Listed records =>
BEGIN
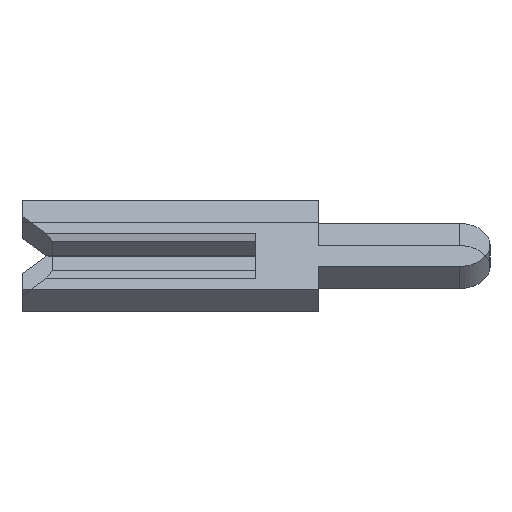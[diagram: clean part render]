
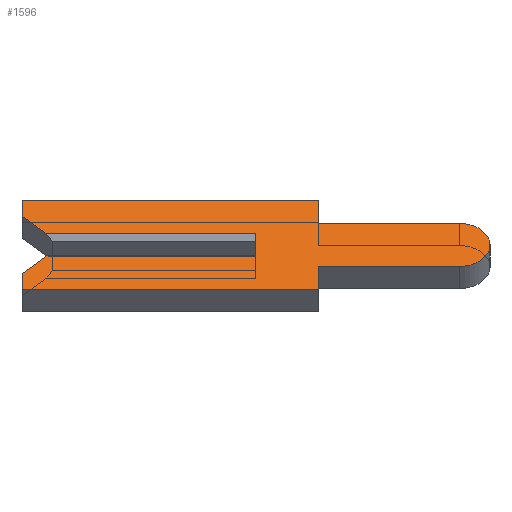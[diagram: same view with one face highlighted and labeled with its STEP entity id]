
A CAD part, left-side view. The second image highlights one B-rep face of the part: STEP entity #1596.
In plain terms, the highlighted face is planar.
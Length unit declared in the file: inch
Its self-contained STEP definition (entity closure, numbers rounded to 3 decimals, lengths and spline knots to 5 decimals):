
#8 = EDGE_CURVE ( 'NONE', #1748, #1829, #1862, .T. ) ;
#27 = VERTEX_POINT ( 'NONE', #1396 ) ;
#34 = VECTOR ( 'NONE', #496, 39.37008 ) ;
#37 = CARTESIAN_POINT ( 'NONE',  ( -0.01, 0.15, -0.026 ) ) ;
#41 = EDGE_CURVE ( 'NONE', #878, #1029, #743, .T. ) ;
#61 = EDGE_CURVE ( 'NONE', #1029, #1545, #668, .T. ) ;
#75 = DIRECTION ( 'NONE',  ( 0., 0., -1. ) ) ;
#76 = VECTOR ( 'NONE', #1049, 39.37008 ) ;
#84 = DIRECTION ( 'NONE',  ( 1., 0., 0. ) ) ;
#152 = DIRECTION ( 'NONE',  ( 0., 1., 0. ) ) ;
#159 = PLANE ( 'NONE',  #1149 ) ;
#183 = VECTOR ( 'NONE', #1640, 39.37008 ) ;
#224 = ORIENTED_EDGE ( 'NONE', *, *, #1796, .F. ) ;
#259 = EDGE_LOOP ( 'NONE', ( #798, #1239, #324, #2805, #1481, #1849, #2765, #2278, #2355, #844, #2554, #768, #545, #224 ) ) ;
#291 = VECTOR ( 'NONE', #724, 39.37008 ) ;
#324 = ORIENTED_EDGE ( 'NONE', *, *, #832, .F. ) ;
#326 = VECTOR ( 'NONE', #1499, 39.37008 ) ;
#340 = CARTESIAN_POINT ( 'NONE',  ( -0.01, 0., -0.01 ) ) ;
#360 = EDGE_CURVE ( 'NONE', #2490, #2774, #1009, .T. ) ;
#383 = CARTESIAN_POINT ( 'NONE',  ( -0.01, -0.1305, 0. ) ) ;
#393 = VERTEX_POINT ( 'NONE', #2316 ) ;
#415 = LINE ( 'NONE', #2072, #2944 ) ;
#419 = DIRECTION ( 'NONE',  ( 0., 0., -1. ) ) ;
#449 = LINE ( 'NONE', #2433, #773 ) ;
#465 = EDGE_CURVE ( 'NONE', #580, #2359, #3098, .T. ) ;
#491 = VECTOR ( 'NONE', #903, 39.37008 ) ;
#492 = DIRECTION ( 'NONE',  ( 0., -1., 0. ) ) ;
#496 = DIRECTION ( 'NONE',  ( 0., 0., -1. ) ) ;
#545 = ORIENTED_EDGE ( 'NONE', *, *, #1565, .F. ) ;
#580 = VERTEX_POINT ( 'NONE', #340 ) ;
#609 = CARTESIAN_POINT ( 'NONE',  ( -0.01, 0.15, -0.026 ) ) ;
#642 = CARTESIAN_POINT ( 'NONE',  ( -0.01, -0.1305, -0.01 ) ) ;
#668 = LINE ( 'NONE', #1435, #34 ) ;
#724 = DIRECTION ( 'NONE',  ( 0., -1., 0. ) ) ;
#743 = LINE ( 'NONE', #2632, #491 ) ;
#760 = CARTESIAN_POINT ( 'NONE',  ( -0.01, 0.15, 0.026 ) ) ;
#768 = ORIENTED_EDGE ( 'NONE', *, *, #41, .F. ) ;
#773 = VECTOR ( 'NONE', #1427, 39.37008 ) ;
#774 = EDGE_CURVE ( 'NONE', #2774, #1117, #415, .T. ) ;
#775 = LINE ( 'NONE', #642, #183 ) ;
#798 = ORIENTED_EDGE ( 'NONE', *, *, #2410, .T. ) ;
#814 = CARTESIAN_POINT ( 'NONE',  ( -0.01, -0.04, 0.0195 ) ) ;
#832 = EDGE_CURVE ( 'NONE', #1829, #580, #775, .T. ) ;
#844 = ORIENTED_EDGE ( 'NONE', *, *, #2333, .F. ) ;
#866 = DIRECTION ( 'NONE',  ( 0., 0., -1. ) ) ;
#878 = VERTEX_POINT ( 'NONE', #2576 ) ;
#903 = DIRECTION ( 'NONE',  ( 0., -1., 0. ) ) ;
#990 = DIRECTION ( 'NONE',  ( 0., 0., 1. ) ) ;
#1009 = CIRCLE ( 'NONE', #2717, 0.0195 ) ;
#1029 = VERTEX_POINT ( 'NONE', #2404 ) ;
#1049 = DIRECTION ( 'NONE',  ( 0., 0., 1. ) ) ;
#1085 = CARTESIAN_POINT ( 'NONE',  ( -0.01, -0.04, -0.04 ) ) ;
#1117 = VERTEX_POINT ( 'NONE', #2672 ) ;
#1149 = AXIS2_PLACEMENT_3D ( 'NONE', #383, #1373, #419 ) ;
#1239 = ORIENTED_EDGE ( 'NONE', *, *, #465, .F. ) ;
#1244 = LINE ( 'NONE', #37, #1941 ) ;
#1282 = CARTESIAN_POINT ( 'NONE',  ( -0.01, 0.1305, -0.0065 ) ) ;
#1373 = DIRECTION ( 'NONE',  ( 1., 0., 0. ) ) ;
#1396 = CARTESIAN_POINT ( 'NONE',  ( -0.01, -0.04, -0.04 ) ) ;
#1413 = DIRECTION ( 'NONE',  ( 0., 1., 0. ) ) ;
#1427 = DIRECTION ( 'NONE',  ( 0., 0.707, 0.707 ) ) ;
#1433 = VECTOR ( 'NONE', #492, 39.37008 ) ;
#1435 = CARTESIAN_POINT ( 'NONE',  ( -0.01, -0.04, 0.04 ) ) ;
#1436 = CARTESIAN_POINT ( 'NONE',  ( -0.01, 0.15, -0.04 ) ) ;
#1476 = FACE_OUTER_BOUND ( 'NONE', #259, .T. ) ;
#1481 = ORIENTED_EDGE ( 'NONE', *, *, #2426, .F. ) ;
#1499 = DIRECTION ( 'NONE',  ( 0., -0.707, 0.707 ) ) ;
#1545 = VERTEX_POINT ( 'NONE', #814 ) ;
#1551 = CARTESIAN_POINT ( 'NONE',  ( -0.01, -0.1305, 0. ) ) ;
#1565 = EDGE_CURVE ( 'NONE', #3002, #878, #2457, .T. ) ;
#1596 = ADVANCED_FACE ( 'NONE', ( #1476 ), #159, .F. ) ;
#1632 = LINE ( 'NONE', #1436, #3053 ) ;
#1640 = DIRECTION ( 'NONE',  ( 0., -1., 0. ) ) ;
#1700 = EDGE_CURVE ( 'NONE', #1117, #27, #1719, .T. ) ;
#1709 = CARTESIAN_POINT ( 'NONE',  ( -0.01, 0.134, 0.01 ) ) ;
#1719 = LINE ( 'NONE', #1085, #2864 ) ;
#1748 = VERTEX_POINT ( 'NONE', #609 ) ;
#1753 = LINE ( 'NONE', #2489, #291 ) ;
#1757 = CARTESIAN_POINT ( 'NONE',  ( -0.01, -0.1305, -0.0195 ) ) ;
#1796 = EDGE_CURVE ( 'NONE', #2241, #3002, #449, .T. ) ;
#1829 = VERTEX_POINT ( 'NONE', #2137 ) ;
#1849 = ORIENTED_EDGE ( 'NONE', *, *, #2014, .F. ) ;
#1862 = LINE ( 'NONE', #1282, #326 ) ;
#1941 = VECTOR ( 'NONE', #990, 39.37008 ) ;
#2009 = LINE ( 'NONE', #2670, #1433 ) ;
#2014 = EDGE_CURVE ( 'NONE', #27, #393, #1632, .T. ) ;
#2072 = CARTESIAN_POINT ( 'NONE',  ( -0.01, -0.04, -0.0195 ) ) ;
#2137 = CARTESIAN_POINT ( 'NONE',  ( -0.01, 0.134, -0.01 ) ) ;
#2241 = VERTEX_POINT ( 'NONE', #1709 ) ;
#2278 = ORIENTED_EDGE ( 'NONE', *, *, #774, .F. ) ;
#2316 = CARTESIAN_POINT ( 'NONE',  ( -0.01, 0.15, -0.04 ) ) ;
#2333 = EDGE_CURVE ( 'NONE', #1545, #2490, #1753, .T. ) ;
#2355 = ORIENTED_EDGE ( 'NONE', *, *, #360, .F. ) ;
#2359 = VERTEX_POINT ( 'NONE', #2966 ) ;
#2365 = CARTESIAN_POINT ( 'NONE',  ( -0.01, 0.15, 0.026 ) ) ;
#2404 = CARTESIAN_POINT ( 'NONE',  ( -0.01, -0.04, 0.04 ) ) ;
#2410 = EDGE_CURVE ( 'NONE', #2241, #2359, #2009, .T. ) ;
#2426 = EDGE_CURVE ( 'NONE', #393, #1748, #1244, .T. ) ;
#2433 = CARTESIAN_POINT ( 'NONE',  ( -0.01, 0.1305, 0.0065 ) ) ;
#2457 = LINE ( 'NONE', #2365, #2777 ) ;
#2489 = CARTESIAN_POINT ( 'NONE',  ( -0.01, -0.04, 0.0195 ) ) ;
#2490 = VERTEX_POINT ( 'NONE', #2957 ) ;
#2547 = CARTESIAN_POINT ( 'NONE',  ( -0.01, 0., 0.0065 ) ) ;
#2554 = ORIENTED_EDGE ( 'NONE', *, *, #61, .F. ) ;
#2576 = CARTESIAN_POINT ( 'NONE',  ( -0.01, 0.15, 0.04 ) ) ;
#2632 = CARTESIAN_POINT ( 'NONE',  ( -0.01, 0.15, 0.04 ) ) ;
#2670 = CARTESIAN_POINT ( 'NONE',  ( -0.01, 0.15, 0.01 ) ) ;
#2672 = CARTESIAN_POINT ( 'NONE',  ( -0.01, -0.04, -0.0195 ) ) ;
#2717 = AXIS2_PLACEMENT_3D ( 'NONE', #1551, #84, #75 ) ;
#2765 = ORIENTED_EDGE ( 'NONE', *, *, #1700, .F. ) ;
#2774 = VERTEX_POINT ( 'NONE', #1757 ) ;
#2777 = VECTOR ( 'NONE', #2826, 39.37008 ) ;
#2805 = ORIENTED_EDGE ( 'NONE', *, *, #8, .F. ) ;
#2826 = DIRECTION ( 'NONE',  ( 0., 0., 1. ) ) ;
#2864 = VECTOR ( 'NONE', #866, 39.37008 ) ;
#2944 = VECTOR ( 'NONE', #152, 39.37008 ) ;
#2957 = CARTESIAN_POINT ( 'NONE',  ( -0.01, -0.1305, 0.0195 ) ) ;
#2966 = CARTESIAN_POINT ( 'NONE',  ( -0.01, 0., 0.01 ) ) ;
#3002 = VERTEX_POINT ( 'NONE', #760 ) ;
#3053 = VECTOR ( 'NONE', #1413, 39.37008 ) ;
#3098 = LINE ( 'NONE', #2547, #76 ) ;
END
Directions =>
At the line containing "#2489 = CARTESIAN_POINT", start copying. Continue exactly through the final line of the entries above and stop there.

Result below =>
#2489 = CARTESIAN_POINT ( 'NONE',  ( -0.01, -0.04, 0.0195 ) ) ;
#2490 = VERTEX_POINT ( 'NONE', #2957 ) ;
#2547 = CARTESIAN_POINT ( 'NONE',  ( -0.01, 0., 0.0065 ) ) ;
#2554 = ORIENTED_EDGE ( 'NONE', *, *, #61, .F. ) ;
#2576 = CARTESIAN_POINT ( 'NONE',  ( -0.01, 0.15, 0.04 ) ) ;
#2632 = CARTESIAN_POINT ( 'NONE',  ( -0.01, 0.15, 0.04 ) ) ;
#2670 = CARTESIAN_POINT ( 'NONE',  ( -0.01, 0.15, 0.01 ) ) ;
#2672 = CARTESIAN_POINT ( 'NONE',  ( -0.01, -0.04, -0.0195 ) ) ;
#2717 = AXIS2_PLACEMENT_3D ( 'NONE', #1551, #84, #75 ) ;
#2765 = ORIENTED_EDGE ( 'NONE', *, *, #1700, .F. ) ;
#2774 = VERTEX_POINT ( 'NONE', #1757 ) ;
#2777 = VECTOR ( 'NONE', #2826, 39.37008 ) ;
#2805 = ORIENTED_EDGE ( 'NONE', *, *, #8, .F. ) ;
#2826 = DIRECTION ( 'NONE',  ( 0., 0., 1. ) ) ;
#2864 = VECTOR ( 'NONE', #866, 39.37008 ) ;
#2944 = VECTOR ( 'NONE', #152, 39.37008 ) ;
#2957 = CARTESIAN_POINT ( 'NONE',  ( -0.01, -0.1305, 0.0195 ) ) ;
#2966 = CARTESIAN_POINT ( 'NONE',  ( -0.01, 0., 0.01 ) ) ;
#3002 = VERTEX_POINT ( 'NONE', #760 ) ;
#3053 = VECTOR ( 'NONE', #1413, 39.37008 ) ;
#3098 = LINE ( 'NONE', #2547, #76 ) ;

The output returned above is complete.